Optimierung der Qualifizierungsangebote für gering qualifizierte Arbeitslose
Geringqualifizierte tragen unabhängig von Alter, Geschlecht und Herkunft in Deutschland noch immer ein vielfach höheres Risiko arbeitslos zu werden als Menschen mit einem beruflichen oder akademischen Abschluss.
Der Erfolg beruflicher Qualifizierungsmaßnahmen auf dem Arbeitsmarkt ist davon abhängig ob (1) Qualifikationen vermittelt werden, die für Unternehmen erkennbar praxisrelevant und für den potenziellen Einsatzbereich von Nutzen sind und (2) Unternehmen in die Lage versetzt werden, sich bereits vor Einstellung eines Bewerbers ein Bild von dessen erworbenen Qualifikationen und Lernleistungen bzw. seines Potenzials machen zu können. Bundeseinheitliche, praxisrelevante und zertifizierte Teilqualifikationen können dies ermöglichen und außerdem Qualifizierungsleistungen akkumulierbar und auf entsprechende Aus- und Fortbildungsberufe anrechenbar machen.

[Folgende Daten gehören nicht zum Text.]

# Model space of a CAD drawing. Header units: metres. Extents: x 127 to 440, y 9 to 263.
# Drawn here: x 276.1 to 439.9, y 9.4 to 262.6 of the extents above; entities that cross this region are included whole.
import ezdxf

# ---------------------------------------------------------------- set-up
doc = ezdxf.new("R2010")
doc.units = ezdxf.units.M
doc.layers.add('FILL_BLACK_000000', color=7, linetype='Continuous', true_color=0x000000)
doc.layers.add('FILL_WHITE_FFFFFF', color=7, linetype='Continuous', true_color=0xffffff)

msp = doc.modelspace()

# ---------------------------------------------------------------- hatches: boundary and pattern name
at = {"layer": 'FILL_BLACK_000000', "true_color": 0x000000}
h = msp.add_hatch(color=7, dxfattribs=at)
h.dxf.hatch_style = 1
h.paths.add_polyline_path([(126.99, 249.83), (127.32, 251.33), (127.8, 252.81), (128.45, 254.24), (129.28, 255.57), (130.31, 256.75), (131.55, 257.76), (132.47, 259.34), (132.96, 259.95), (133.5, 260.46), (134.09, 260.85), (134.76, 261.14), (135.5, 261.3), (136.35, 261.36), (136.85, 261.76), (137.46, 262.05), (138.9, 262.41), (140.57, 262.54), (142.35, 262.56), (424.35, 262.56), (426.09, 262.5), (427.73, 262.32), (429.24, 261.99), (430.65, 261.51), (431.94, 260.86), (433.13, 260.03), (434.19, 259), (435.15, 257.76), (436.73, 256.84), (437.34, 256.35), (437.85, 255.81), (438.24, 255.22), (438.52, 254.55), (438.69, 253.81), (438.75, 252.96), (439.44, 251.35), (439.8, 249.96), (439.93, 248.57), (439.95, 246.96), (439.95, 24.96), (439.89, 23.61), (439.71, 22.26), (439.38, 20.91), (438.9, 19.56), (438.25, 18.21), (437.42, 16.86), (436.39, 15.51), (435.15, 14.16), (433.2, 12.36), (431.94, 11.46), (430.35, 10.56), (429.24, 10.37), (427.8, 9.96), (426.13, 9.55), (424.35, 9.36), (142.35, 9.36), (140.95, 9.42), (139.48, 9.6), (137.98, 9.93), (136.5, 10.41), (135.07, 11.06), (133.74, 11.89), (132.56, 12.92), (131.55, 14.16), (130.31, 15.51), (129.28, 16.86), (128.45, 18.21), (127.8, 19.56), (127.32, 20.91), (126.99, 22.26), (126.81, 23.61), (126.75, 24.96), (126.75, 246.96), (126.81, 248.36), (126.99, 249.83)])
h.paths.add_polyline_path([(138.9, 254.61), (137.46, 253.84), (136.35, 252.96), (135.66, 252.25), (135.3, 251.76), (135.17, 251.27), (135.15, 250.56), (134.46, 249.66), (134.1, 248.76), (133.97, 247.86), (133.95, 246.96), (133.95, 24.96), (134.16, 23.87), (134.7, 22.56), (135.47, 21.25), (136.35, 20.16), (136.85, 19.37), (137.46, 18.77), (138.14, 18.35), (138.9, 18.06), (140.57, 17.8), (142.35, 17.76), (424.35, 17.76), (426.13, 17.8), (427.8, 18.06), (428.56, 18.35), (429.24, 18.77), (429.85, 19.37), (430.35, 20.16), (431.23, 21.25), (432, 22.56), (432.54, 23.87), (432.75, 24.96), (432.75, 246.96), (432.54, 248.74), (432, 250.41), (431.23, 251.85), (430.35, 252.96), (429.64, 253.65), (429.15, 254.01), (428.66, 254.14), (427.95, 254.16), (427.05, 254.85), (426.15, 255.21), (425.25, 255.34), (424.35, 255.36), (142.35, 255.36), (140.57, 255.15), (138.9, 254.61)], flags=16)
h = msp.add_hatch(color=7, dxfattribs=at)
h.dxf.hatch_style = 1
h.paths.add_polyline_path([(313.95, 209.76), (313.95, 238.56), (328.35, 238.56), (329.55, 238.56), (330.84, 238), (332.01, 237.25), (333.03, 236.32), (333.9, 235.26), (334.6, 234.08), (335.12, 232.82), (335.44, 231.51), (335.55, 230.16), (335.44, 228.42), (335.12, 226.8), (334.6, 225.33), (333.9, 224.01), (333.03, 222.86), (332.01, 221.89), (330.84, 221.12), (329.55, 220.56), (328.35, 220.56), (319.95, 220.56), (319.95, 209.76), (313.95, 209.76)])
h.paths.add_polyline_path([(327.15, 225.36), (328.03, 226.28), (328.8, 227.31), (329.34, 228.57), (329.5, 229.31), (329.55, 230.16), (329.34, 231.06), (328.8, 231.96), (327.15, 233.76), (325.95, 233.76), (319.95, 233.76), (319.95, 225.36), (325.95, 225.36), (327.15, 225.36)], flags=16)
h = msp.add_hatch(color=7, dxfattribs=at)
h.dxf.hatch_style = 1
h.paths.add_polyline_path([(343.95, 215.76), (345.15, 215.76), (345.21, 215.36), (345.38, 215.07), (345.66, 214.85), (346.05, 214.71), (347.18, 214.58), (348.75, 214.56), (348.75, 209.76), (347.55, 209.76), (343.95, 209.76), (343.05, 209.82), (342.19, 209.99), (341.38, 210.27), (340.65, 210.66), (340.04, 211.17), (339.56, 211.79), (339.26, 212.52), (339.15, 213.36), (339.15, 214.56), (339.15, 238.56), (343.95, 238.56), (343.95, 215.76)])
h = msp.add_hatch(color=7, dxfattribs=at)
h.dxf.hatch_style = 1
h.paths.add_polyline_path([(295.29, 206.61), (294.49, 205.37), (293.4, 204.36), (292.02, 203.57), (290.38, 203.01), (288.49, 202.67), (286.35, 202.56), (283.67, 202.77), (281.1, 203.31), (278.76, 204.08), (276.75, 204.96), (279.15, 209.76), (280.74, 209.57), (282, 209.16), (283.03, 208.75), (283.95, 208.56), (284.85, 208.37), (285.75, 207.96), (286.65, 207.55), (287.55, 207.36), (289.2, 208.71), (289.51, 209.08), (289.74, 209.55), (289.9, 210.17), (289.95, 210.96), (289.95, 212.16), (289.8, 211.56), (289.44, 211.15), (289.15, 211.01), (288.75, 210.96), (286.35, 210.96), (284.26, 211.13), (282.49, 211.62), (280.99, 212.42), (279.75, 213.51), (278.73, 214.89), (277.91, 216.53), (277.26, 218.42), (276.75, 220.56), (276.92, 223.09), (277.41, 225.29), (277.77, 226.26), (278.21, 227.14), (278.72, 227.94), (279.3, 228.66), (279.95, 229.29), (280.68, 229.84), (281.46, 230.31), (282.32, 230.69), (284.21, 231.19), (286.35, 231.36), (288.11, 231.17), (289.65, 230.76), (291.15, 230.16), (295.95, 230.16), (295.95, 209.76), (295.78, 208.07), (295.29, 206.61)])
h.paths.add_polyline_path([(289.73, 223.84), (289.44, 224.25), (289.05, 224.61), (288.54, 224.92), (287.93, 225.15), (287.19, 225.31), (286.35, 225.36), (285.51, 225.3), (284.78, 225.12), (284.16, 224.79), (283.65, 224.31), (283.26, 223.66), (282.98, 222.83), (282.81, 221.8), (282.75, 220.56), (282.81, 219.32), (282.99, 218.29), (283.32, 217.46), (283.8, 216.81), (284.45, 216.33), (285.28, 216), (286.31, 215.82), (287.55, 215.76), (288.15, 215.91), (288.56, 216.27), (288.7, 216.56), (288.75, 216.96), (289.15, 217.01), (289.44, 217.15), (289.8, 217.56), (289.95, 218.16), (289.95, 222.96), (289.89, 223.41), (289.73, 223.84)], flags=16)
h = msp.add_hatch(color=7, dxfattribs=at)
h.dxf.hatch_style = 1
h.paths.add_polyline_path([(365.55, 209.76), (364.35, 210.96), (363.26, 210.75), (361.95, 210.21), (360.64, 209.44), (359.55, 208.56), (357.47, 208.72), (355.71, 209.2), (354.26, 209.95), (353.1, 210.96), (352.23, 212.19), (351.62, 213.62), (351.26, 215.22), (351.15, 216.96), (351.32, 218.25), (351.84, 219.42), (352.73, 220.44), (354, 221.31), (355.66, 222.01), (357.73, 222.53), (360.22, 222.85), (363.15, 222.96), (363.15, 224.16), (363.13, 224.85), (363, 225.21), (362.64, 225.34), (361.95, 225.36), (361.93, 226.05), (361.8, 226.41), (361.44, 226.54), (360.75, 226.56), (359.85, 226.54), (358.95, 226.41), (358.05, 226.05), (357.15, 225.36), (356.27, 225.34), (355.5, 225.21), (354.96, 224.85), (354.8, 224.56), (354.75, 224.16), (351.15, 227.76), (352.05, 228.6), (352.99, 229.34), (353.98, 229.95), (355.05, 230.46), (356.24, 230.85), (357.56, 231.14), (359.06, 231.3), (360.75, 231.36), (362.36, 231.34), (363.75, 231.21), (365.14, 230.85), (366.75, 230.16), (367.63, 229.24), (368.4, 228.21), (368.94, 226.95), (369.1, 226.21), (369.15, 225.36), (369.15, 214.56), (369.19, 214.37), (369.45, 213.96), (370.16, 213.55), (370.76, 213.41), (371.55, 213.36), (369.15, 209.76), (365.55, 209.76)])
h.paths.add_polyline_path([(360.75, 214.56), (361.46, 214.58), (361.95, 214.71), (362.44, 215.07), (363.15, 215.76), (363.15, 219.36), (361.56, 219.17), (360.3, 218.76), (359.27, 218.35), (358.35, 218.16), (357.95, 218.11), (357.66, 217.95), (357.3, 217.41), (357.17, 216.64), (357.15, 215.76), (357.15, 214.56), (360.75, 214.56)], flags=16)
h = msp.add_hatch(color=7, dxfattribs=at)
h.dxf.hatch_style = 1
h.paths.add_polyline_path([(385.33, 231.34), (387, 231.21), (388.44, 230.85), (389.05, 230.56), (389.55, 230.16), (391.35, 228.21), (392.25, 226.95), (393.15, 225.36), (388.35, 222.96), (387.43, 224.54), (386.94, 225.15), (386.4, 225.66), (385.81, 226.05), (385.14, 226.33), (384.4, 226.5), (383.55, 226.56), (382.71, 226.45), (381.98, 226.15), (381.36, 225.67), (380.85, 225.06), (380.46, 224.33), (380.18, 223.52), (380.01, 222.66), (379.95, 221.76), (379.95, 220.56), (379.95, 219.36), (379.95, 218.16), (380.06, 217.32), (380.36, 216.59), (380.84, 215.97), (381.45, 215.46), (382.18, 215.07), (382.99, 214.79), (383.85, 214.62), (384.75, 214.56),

Das Projekt gliedert sich in fünf Teilschritte:
- Identifikation von Berufen und Tätgikeitsfeldern, in denen Bedarf an zertifizierbaren Teilqualifikationen besteht.
- Entwicklung eines Konzepts für die Zertifizierung von Teilqualifikationen
- Entwicklung von Qualifizierungsmodulen und von Handreichungen für deren praktische Umsetzung
- Durchführung einer Machbarkeitsstudie für die Einführung eines Zertifizierungsverfahrens
- Bundesweite Erprobung der Qualifizierungsmodule gemeinsam mit Unternehmen und Bildungsdienstleistern in ausgewählten Arbeitsagenturbezirken
Das Forschungsinstitut für betriebliche Bildung (f-bb) und IWP-HSG wurden von der Bundesagentur für Arbeit in Nürnberg mit diesem Projekt beauftragt.